# Another chainsaw question



## Fordfarm (Dec 27, 2005)

Anyone know if the oiler on a Stihl MS290 is adjustable? Right now, it uses one tank of oil for every 3 tanks of gas. Seems a little light to me. Neighbor's Stihls use 1 to 1. It IS oiling, just low volume. All the passages are clean - it's been this way since new.


----------



## Fordfarm (Dec 27, 2005)

A-HA! Took it to a nieghbor who is a small engine mechanic. Took him about 2.59873902 seconds to flip it over and show me where the adjustment was! Now we'll see how much oil I can use!


----------



## Ernie (Mar 18, 2004)

Fordfarm, it is amazing what your owners manual will teach.


----------



## Fordfarm (Dec 27, 2005)

Unfortunately, I didn't get an owners manual!

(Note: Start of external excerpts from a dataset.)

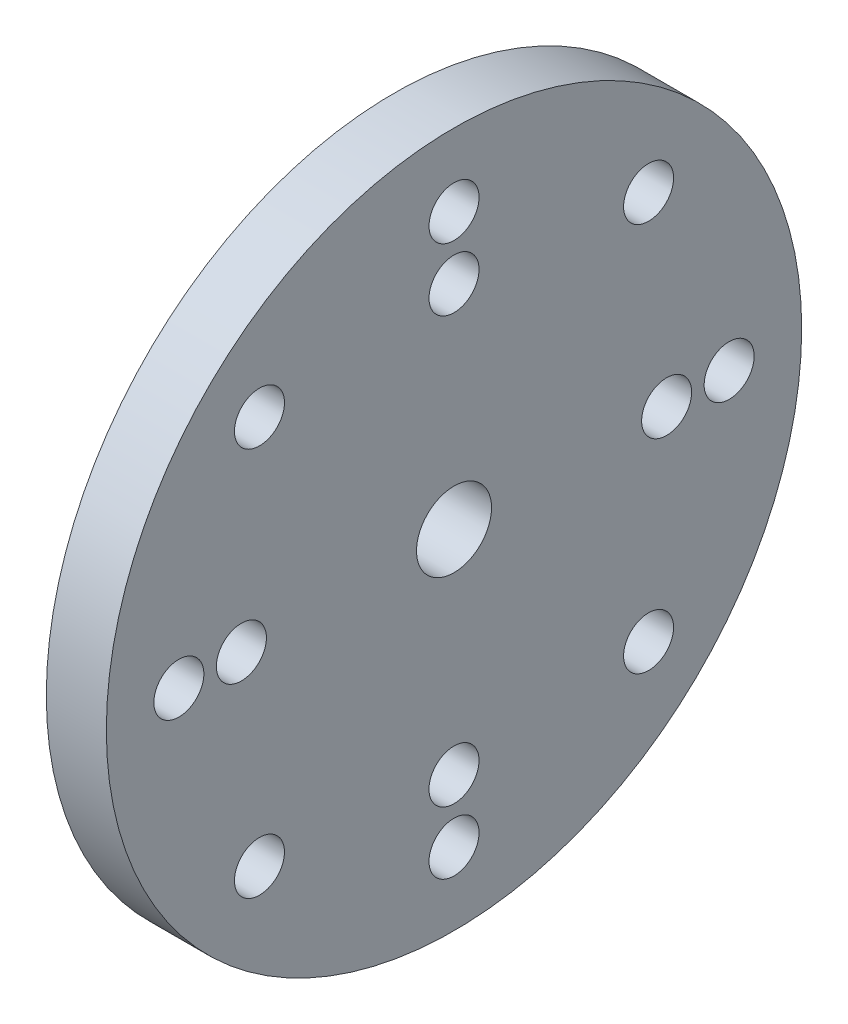
ISO-10303-21;
HEADER;
FILE_DESCRIPTION(('STEP AP214'),'2;1');
FILE_NAME('part.step','',(''),(''),'','','');
FILE_SCHEMA(('AUTOMOTIVE_DESIGN { 1 0 10303 214 1 1 1 1 }'));
ENDSEC;
DATA;
#1=APPLICATION_CONTEXT('core data for automotive mechanical design processes');
#2=APPLICATION_PROTOCOL_DEFINITION('international standard','automotive_design',2000,#1);
#3=PRODUCT_CONTEXT('',#1,'mechanical');
#4=PRODUCT('Part','Part','',(#3));
#5=PRODUCT_RELATED_PRODUCT_CATEGORY('part','',(#4));
#6=PRODUCT_DEFINITION_FORMATION('','',#4);
#7=PRODUCT_DEFINITION_CONTEXT('part definition',#1,'design');
#8=PRODUCT_DEFINITION('design','',#6,#7);
#9=PRODUCT_DEFINITION_SHAPE('','',#8);
#10=(LENGTH_UNIT() NAMED_UNIT(*) SI_UNIT(.MILLI.,.METRE.));
#11=(NAMED_UNIT(*) PLANE_ANGLE_UNIT() SI_UNIT($,.RADIAN.));
#12=(NAMED_UNIT(*) SI_UNIT($,.STERADIAN.) SOLID_ANGLE_UNIT());
#13=UNCERTAINTY_MEASURE_WITH_UNIT(LENGTH_MEASURE(1.E-05),#10,'distance_accuracy_value','');
#14=(GEOMETRIC_REPRESENTATION_CONTEXT(3) GLOBAL_UNCERTAINTY_ASSIGNED_CONTEXT((#13)) GLOBAL_UNIT_ASSIGNED_CONTEXT((#10,
#11,#12)) REPRESENTATION_CONTEXT('',''));
#15=CARTESIAN_POINT('',(0.,0.,0.));
#16=DIRECTION('',(0.,0.,1.));
#17=DIRECTION('',(1.,0.,0.));
#18=AXIS2_PLACEMENT_3D('',#15,#16,#17);
#19=CARTESIAN_POINT('',(0.,0.,0.));
#20=DIRECTION('',(1.,0.,0.));
#21=DIRECTION('',(0.,0.,-1.));
#22=AXIS2_PLACEMENT_3D('',#19,#20,#21);
#23=PLANE('',#22);
#24=CARTESIAN_POINT('',(0.,0.,0.));
#25=DIRECTION('',(1.,0.,0.));
#26=DIRECTION('',(0.,0.,-1.));
#27=AXIS2_PLACEMENT_3D('',#24,#25,#26);
#28=CIRCLE('',#27,1.5);
#29=CARTESIAN_POINT('',(0.,0.,-1.5));
#30=VERTEX_POINT('',#29);
#31=EDGE_CURVE('E123',#30,#30,#28,.T.);
#32=ORIENTED_EDGE('',*,*,#31,.T.);
#33=EDGE_LOOP('',(#32));
#34=FACE_BOUND('',#33,.T.);
#35=CARTESIAN_POINT('',(0.,0.,0.));
#36=DIRECTION('',(-1.,0.,0.));
#37=DIRECTION('',(0.,0.,1.));
#38=AXIS2_PLACEMENT_3D('',#35,#36,#37);
#39=CIRCLE('',#38,4.95);
#40=CARTESIAN_POINT('',(0.,0.,4.95));
#41=VERTEX_POINT('',#40);
#42=EDGE_CURVE('E10',#41,#41,#39,.T.);
#43=ORIENTED_EDGE('',*,*,#42,.T.);
#44=EDGE_LOOP('',(#43));
#45=FACE_BOUND('',#44,.T.);
#46=ADVANCED_FACE('F36',(#34,#45),#23,.F.);
#47=CARTESIAN_POINT('',(0.,0.,0.));
#48=DIRECTION('',(-1.,0.,0.));
#49=DIRECTION('',(0.,0.,1.));
#50=AXIS2_PLACEMENT_3D('',#47,#48,#49);
#51=CYLINDRICAL_SURFACE('',#50,4.95);
#52=ORIENTED_EDGE('',*,*,#42,.F.);
#53=EDGE_LOOP('',(#52));
#54=FACE_BOUND('',#53,.T.);
#55=CARTESIAN_POINT('',(2.,0.,0.));
#56=DIRECTION('',(-1.,0.,0.));
#57=DIRECTION('',(0.,0.,1.));
#58=AXIS2_PLACEMENT_3D('',#55,#56,#57);
#59=CIRCLE('',#58,4.95);
#60=CARTESIAN_POINT('',(2.,0.,4.95));
#61=VERTEX_POINT('',#60);
#62=EDGE_CURVE('E42',#61,#61,#59,.T.);
#63=ORIENTED_EDGE('',*,*,#62,.T.);
#64=EDGE_LOOP('',(#63));
#65=FACE_BOUND('',#64,.T.);
#66=ADVANCED_FACE('F176',(#54,#65),#51,.T.);
#67=CARTESIAN_POINT('',(2.,4.95,0.));
#68=DIRECTION('',(1.,0.,0.));
#69=DIRECTION('',(0.,0.,-1.));
#70=AXIS2_PLACEMENT_3D('',#67,#68,#69);
#71=PLANE('',#70);
#72=CARTESIAN_POINT('',(2.,0.,-8.5));
#73=DIRECTION('',(1.,0.,0.));
#74=DIRECTION('',(0.,0.,-1.));
#75=AXIS2_PLACEMENT_3D('',#72,#73,#74);
#76=CIRCLE('',#75,1.);
#77=CARTESIAN_POINT('',(2.,0.,-9.5));
#78=VERTEX_POINT('',#77);
#79=EDGE_CURVE('E107',#78,#78,#76,.T.);
#80=ORIENTED_EDGE('',*,*,#79,.T.);
#81=EDGE_LOOP('',(#80));
#82=FACE_BOUND('',#81,.T.);
#83=CARTESIAN_POINT('',(2.,-8.5,0.));
#84=DIRECTION('',(1.,0.,0.));
#85=DIRECTION('',(0.,0.,-1.));
#86=AXIS2_PLACEMENT_3D('',#83,#84,#85);
#87=CIRCLE('',#86,1.);
#88=CARTESIAN_POINT('',(2.,-8.5,-1.));
#89=VERTEX_POINT('',#88);
#90=EDGE_CURVE('E112',#89,#89,#87,.T.);
#91=ORIENTED_EDGE('',*,*,#90,.T.);
#92=EDGE_LOOP('',(#91));
#93=FACE_BOUND('',#92,.T.);
#94=CARTESIAN_POINT('',(2.,0.,8.5));
#95=DIRECTION('',(1.,0.,0.));
#96=DIRECTION('',(0.,0.,-1.));
#97=AXIS2_PLACEMENT_3D('',#94,#95,#96);
#98=CIRCLE('',#97,1.);
#99=CARTESIAN_POINT('',(2.,0.,7.5));
#100=VERTEX_POINT('',#99);
#101=EDGE_CURVE('E115',#100,#100,#98,.T.);
#102=ORIENTED_EDGE('',*,*,#101,.T.);
#103=EDGE_LOOP('',(#102));
#104=FACE_BOUND('',#103,.T.);
#105=CARTESIAN_POINT('',(2.,0.,-11.));
#106=DIRECTION('',(1.,0.,0.));
#107=DIRECTION('',(0.,0.,-1.));
#108=AXIS2_PLACEMENT_3D('',#105,#106,#107);
#109=CIRCLE('',#108,1.);
#110=CARTESIAN_POINT('',(2.,0.,-12.));
#111=VERTEX_POINT('',#110);
#112=EDGE_CURVE('E67',#111,#111,#109,.T.);
#113=ORIENTED_EDGE('',*,*,#112,.T.);
#114=EDGE_LOOP('',(#113));
#115=FACE_BOUND('',#114,.T.);
#116=CARTESIAN_POINT('',(2.,-7.77817459305206,-7.77817459305198));
#117=DIRECTION('',(1.,0.,0.));
#118=DIRECTION('',(0.,0.,-1.));
#119=AXIS2_PLACEMENT_3D('',#116,#117,#118);
#120=CIRCLE('',#119,1.);
#121=CARTESIAN_POINT('',(2.,-7.77817459305206,-8.77817459305198));
#122=VERTEX_POINT('',#121);
#123=EDGE_CURVE('E70',#122,#122,#120,.T.);
#124=ORIENTED_EDGE('',*,*,#123,.T.);
#125=EDGE_LOOP('',(#124));
#126=FACE_BOUND('',#125,.T.);
#127=CARTESIAN_POINT('',(2.,-11.,0.));
#128=DIRECTION('',(1.,0.,0.));
#129=DIRECTION('',(0.,0.,-1.));
#130=AXIS2_PLACEMENT_3D('',#127,#128,#129);
#131=CIRCLE('',#130,1.);
#132=CARTESIAN_POINT('',(2.,-11.,-1.));
#133=VERTEX_POINT('',#132);
#134=EDGE_CURVE('E73',#133,#133,#131,.T.);
#135=ORIENTED_EDGE('',*,*,#134,.T.);
#136=EDGE_LOOP('',(#135));
#137=FACE_BOUND('',#136,.T.);
#138=CARTESIAN_POINT('',(2.,-7.77817459305195,7.77817459305209));
#139=DIRECTION('',(1.,0.,0.));
#140=DIRECTION('',(0.,0.,-1.));
#141=AXIS2_PLACEMENT_3D('',#138,#139,#140);
#142=CIRCLE('',#141,1.);
#143=CARTESIAN_POINT('',(2.,-7.77817459305195,6.77817459305209));
#144=VERTEX_POINT('',#143);
#145=EDGE_CURVE('E76',#144,#144,#142,.T.);
#146=ORIENTED_EDGE('',*,*,#145,.T.);
#147=EDGE_LOOP('',(#146));
#148=FACE_BOUND('',#147,.T.);
#149=CARTESIAN_POINT('',(2.,1.15218884181823E-13,11.));
#150=DIRECTION('',(1.,0.,0.));
#151=DIRECTION('',(0.,0.,-1.));
#152=AXIS2_PLACEMENT_3D('',#149,#150,#151);
#153=CIRCLE('',#152,1.);
#154=CARTESIAN_POINT('',(2.,1.15218884181823E-13,10.));
#155=VERTEX_POINT('',#154);
#156=EDGE_CURVE('E79',#155,#155,#153,.T.);
#157=ORIENTED_EDGE('',*,*,#156,.T.);
#158=EDGE_LOOP('',(#157));
#159=FACE_BOUND('',#158,.T.);
#160=CARTESIAN_POINT('',(2.,7.77817459305212,7.77817459305193));
#161=DIRECTION('',(1.,0.,0.));
#162=DIRECTION('',(0.,0.,-1.));
#163=AXIS2_PLACEMENT_3D('',#160,#161,#162);
#164=CIRCLE('',#163,1.);
#165=CARTESIAN_POINT('',(2.,7.77817459305212,6.77817459305193));
#166=VERTEX_POINT('',#165);
#167=EDGE_CURVE('E82',#166,#166,#164,.T.);
#168=ORIENTED_EDGE('',*,*,#167,.T.);
#169=EDGE_LOOP('',(#168));
#170=FACE_BOUND('',#169,.T.);
#171=CARTESIAN_POINT('',(2.,7.77817459305201,-7.77817459305204));
#172=DIRECTION('',(1.,0.,0.));
#173=DIRECTION('',(0.,0.,-1.));
#174=AXIS2_PLACEMENT_3D('',#171,#172,#173);
#175=CIRCLE('',#174,1.);
#176=CARTESIAN_POINT('',(2.,7.77817459305201,-8.77817459305204));
#177=VERTEX_POINT('',#176);
#178=EDGE_CURVE('E85',#177,#177,#175,.T.);
#179=ORIENTED_EDGE('',*,*,#178,.T.);
#180=EDGE_LOOP('',(#179));
#181=FACE_BOUND('',#180,.T.);
#182=CARTESIAN_POINT('',(2.,8.5,0.));
#183=DIRECTION('',(1.,0.,0.));
#184=DIRECTION('',(0.,0.,-1.));
#185=AXIS2_PLACEMENT_3D('',#182,#183,#184);
#186=CIRCLE('',#185,1.);
#187=CARTESIAN_POINT('',(2.,8.5,-1.));
#188=VERTEX_POINT('',#187);
#189=EDGE_CURVE('E61',#188,#188,#186,.T.);
#190=ORIENTED_EDGE('',*,*,#189,.T.);
#191=EDGE_LOOP('',(#190));
#192=FACE_BOUND('',#191,.T.);
#193=CARTESIAN_POINT('',(2.,11.,0.));
#194=DIRECTION('',(1.,0.,0.));
#195=DIRECTION('',(0.,0.,-1.));
#196=AXIS2_PLACEMENT_3D('',#193,#194,#195);
#197=CIRCLE('',#196,1.);
#198=CARTESIAN_POINT('',(2.,11.,-1.));
#199=VERTEX_POINT('',#198);
#200=EDGE_CURVE('E55',#199,#199,#197,.T.);
#201=ORIENTED_EDGE('',*,*,#200,.T.);
#202=EDGE_LOOP('',(#201));
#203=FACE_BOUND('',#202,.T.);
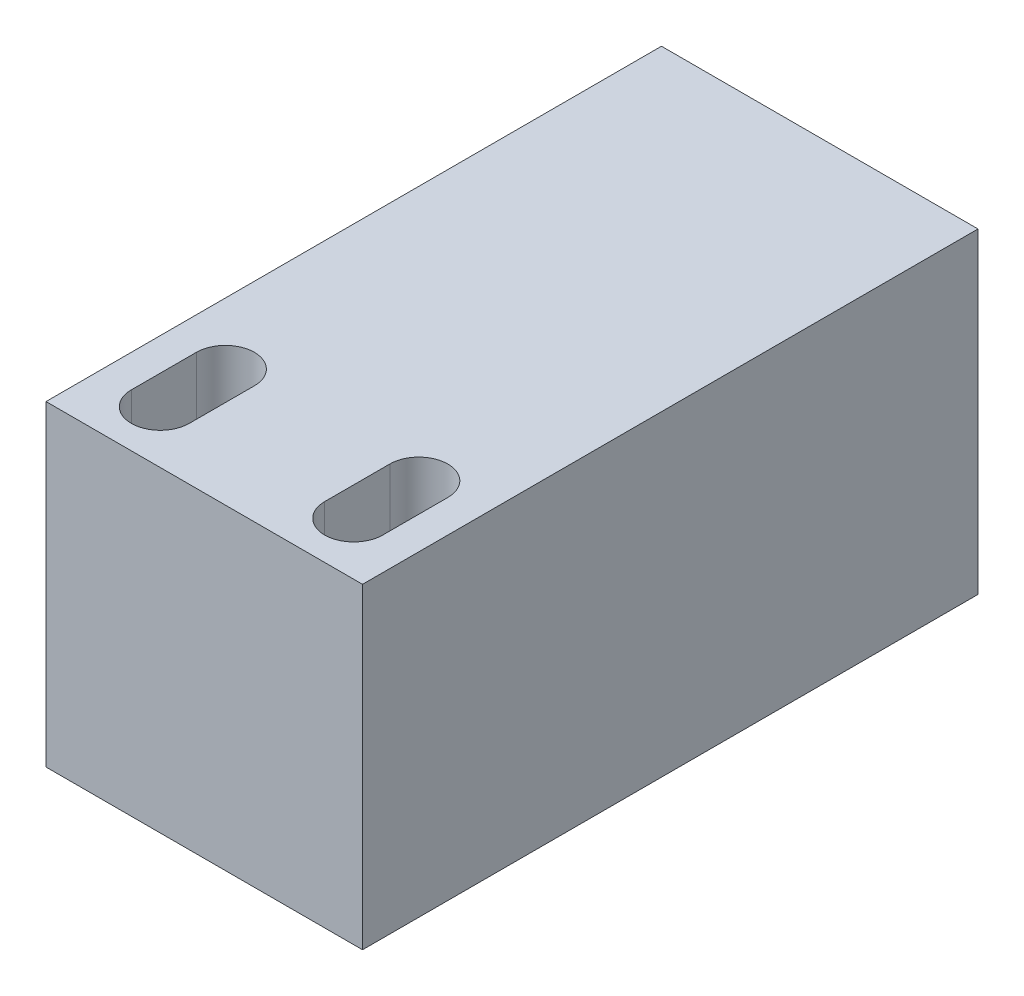
ISO-10303-21;
HEADER;
FILE_DESCRIPTION(('STEP AP214'),'2;1');
FILE_NAME('part.step','',(''),(''),'','','');
FILE_SCHEMA(('AUTOMOTIVE_DESIGN { 1 0 10303 214 1 1 1 1 }'));
ENDSEC;
DATA;
#1=APPLICATION_CONTEXT('core data for automotive mechanical design processes');
#2=APPLICATION_PROTOCOL_DEFINITION('international standard','automotive_design',2000,#1);
#3=PRODUCT_CONTEXT('',#1,'mechanical');
#4=PRODUCT('Part','Part','',(#3));
#5=PRODUCT_RELATED_PRODUCT_CATEGORY('part','',(#4));
#6=PRODUCT_DEFINITION_FORMATION('','',#4);
#7=PRODUCT_DEFINITION_CONTEXT('part definition',#1,'design');
#8=PRODUCT_DEFINITION('design','',#6,#7);
#9=PRODUCT_DEFINITION_SHAPE('','',#8);
#10=(LENGTH_UNIT() NAMED_UNIT(*) SI_UNIT(.MILLI.,.METRE.));
#11=(NAMED_UNIT(*) PLANE_ANGLE_UNIT() SI_UNIT($,.RADIAN.));
#12=(NAMED_UNIT(*) SI_UNIT($,.STERADIAN.) SOLID_ANGLE_UNIT());
#13=UNCERTAINTY_MEASURE_WITH_UNIT(LENGTH_MEASURE(1.E-05),#10,'distance_accuracy_value','');
#14=(GEOMETRIC_REPRESENTATION_CONTEXT(3) GLOBAL_UNCERTAINTY_ASSIGNED_CONTEXT((#13)) GLOBAL_UNIT_ASSIGNED_CONTEXT((#10,
#11,#12)) REPRESENTATION_CONTEXT('',''));
#15=CARTESIAN_POINT('',(0.,0.,0.));
#16=DIRECTION('',(0.,0.,1.));
#17=DIRECTION('',(1.,0.,0.));
#18=AXIS2_PLACEMENT_3D('',#15,#16,#17);
#19=CARTESIAN_POINT('',(9.,9.,35.));
#20=DIRECTION('',(-1.,0.,0.));
#21=DIRECTION('',(0.,0.,1.));
#22=AXIS2_PLACEMENT_3D('',#19,#20,#21);
#23=PLANE('',#22);
#24=DIRECTION('',(0.,1.,0.));
#25=VECTOR('',#24,1.);
#26=CARTESIAN_POINT('',(9.,9.,0.));
#27=LINE('',#26,#25);
#28=CARTESIAN_POINT('',(9.,-9.,0.));
#29=VERTEX_POINT('',#28);
#30=CARTESIAN_POINT('',(9.,9.,0.));
#31=VERTEX_POINT('',#30);
#32=EDGE_CURVE('E162',#29,#31,#27,.T.);
#33=ORIENTED_EDGE('',*,*,#32,.T.);
#34=DIRECTION('',(0.,0.,-1.));
#35=VECTOR('',#34,1.);
#36=CARTESIAN_POINT('',(9.,9.,35.));
#37=LINE('',#36,#35);
#38=CARTESIAN_POINT('',(9.,9.,35.));
#39=VERTEX_POINT('',#38);
#40=EDGE_CURVE('E195',#39,#31,#37,.T.);
#41=ORIENTED_EDGE('',*,*,#40,.F.);
#42=DIRECTION('',(0.,1.,0.));
#43=VECTOR('',#42,1.);
#44=CARTESIAN_POINT('',(9.,9.,35.));
#45=LINE('',#44,#43);
#46=CARTESIAN_POINT('',(9.,-9.,35.));
#47=VERTEX_POINT('',#46);
#48=EDGE_CURVE('E169',#47,#39,#45,.T.);
#49=ORIENTED_EDGE('',*,*,#48,.F.);
#50=DIRECTION('',(0.,0.,-1.));
#51=VECTOR('',#50,1.);
#52=CARTESIAN_POINT('',(9.,-9.,35.));
#53=LINE('',#52,#51);
#54=EDGE_CURVE('E179',#47,#29,#53,.T.);
#55=ORIENTED_EDGE('',*,*,#54,.T.);
#56=EDGE_LOOP('',(#33,#41,#49,#55));
#57=FACE_BOUND('',#56,.T.);
#58=ADVANCED_FACE('F32',(#57),#23,.F.);
#59=CARTESIAN_POINT('',(-9.,9.,35.));
#60=DIRECTION('',(0.,-1.,0.));
#61=DIRECTION('',(0.,0.,-1.));
#62=AXIS2_PLACEMENT_3D('',#59,#60,#61);
#63=PLANE('',#62);
#64=DIRECTION('',(0.,0.,-1.));
#65=VECTOR('',#64,1.);
#66=CARTESIAN_POINT('',(-3.85,9.,32.));
#67=LINE('',#66,#65);
#68=CARTESIAN_POINT('',(-3.85,9.,32.));
#69=VERTEX_POINT('',#68);
#70=CARTESIAN_POINT('',(-3.85,9.,28.3));
#71=VERTEX_POINT('',#70);
#72=EDGE_CURVE('E132',#69,#71,#67,.T.);
#73=ORIENTED_EDGE('',*,*,#72,.F.);
#74=CARTESIAN_POINT('',(-5.5,9.,32.));
#75=DIRECTION('',(0.,1.,0.));
#76=DIRECTION('',(0.,0.,1.));
#77=AXIS2_PLACEMENT_3D('',#74,#75,#76);
#78=CIRCLE('',#77,1.65);
#79=CARTESIAN_POINT('',(-7.15,9.,32.));
#80=VERTEX_POINT('',#79);
#81=EDGE_CURVE('E46',#80,#69,#78,.T.);
#82=ORIENTED_EDGE('',*,*,#81,.F.);
#83=DIRECTION('',(0.,0.,1.));
#84=VECTOR('',#83,1.);
#85=CARTESIAN_POINT('',(-7.15,9.,32.));
#86=LINE('',#85,#84);
#87=CARTESIAN_POINT('',(-7.15,9.,28.3));
#88=VERTEX_POINT('',#87);
#89=EDGE_CURVE('E139',#88,#80,#86,.T.);
#90=ORIENTED_EDGE('',*,*,#89,.F.);
#91=CARTESIAN_POINT('',(-5.5,9.,28.3));
#92=DIRECTION('',(0.,1.,0.));
#93=DIRECTION('',(0.,0.,1.));
#94=AXIS2_PLACEMENT_3D('',#91,#92,#93);
#95=CIRCLE('',#94,1.65);
#96=EDGE_CURVE('E123',#71,#88,#95,.T.);
#97=ORIENTED_EDGE('',*,*,#96,.F.);
#98=EDGE_LOOP('',(#73,#82,#90,#97));
#99=FACE_BOUND('',#98,.T.);
#100=DIRECTION('',(0.,0.,-1.));
#101=VECTOR('',#100,1.);
#102=CARTESIAN_POINT('',(7.15,9.,32.));
#103=LINE('',#102,#101);
#104=CARTESIAN_POINT('',(7.15,9.,32.));
#105=VERTEX_POINT('',#104);
#106=CARTESIAN_POINT('',(7.15,9.,28.3));
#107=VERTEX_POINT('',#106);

I DID, however, get two books that have all the saws listed in it, but no info!


----------



## Live Oak (Dec 22, 2003)

> _Originally posted by Ernie _
> *Fordfarm, it is amazing what your owners manual will teach. *


Sounds like me! "When all else fails.............try reading the operator's manual!" :lmao: :duh: 

Sure would be nice if Stihl would provide a download on their website for manuals.


----------



## Fordfarm (Dec 27, 2005)

YUP! The dealer I got it from is in Grand Island NE - about 160 miles away. I THOUGHT I got an Owner's Manual, but just 2 "product cataloges". They did throw in one of those toy battery operated chainsaws.


----------



## Live Oak (Dec 22, 2003)

I bet if you call the dealer and ask, they will mail you a manual free of charge.


----------



## Fordfarm (Dec 27, 2005)

Yeah, but never have gotten around to it! They are a pretty large dealer (Ace Hardware) and have been selling Sthil for years. They have a huge Small Engine center and repair /sell all kinds of mowers, saws, snowblowers, etc.
It's just easier to bug you guys for an answer!


----------



## Ernie (Mar 18, 2004)

Fordfarm, you can ask any time and you will get the right direction albeit round about:lmao:


----------



## Michael (Sep 16, 2003)

> _Originally posted by Fordfarm _
> *Yeah, but never have gotten around to it! They are a pretty large dealer (Ace Hardware) and have been selling Sthil for years. They have a huge Small Engine center and repair /sell all kinds of mowers, saws, snowblowers, etc.
> It's just easier to bug you guys for an answer! *


Why not simply download the manual, Look I even posted a link for it.;;

http://www.stihlmanuals.w1.com/stihl_ownersmanuals/MS290_310_390_Manual.pdf


----------



## Live Oak (Dec 22, 2003)

Hi Michael! Thanks for the link to the manuals. I looked in the same place and blew right past it. :nerd: Good to see you posting again! Been almost a year since we have seen you here. Hope you will not be a stranger in the future.


----------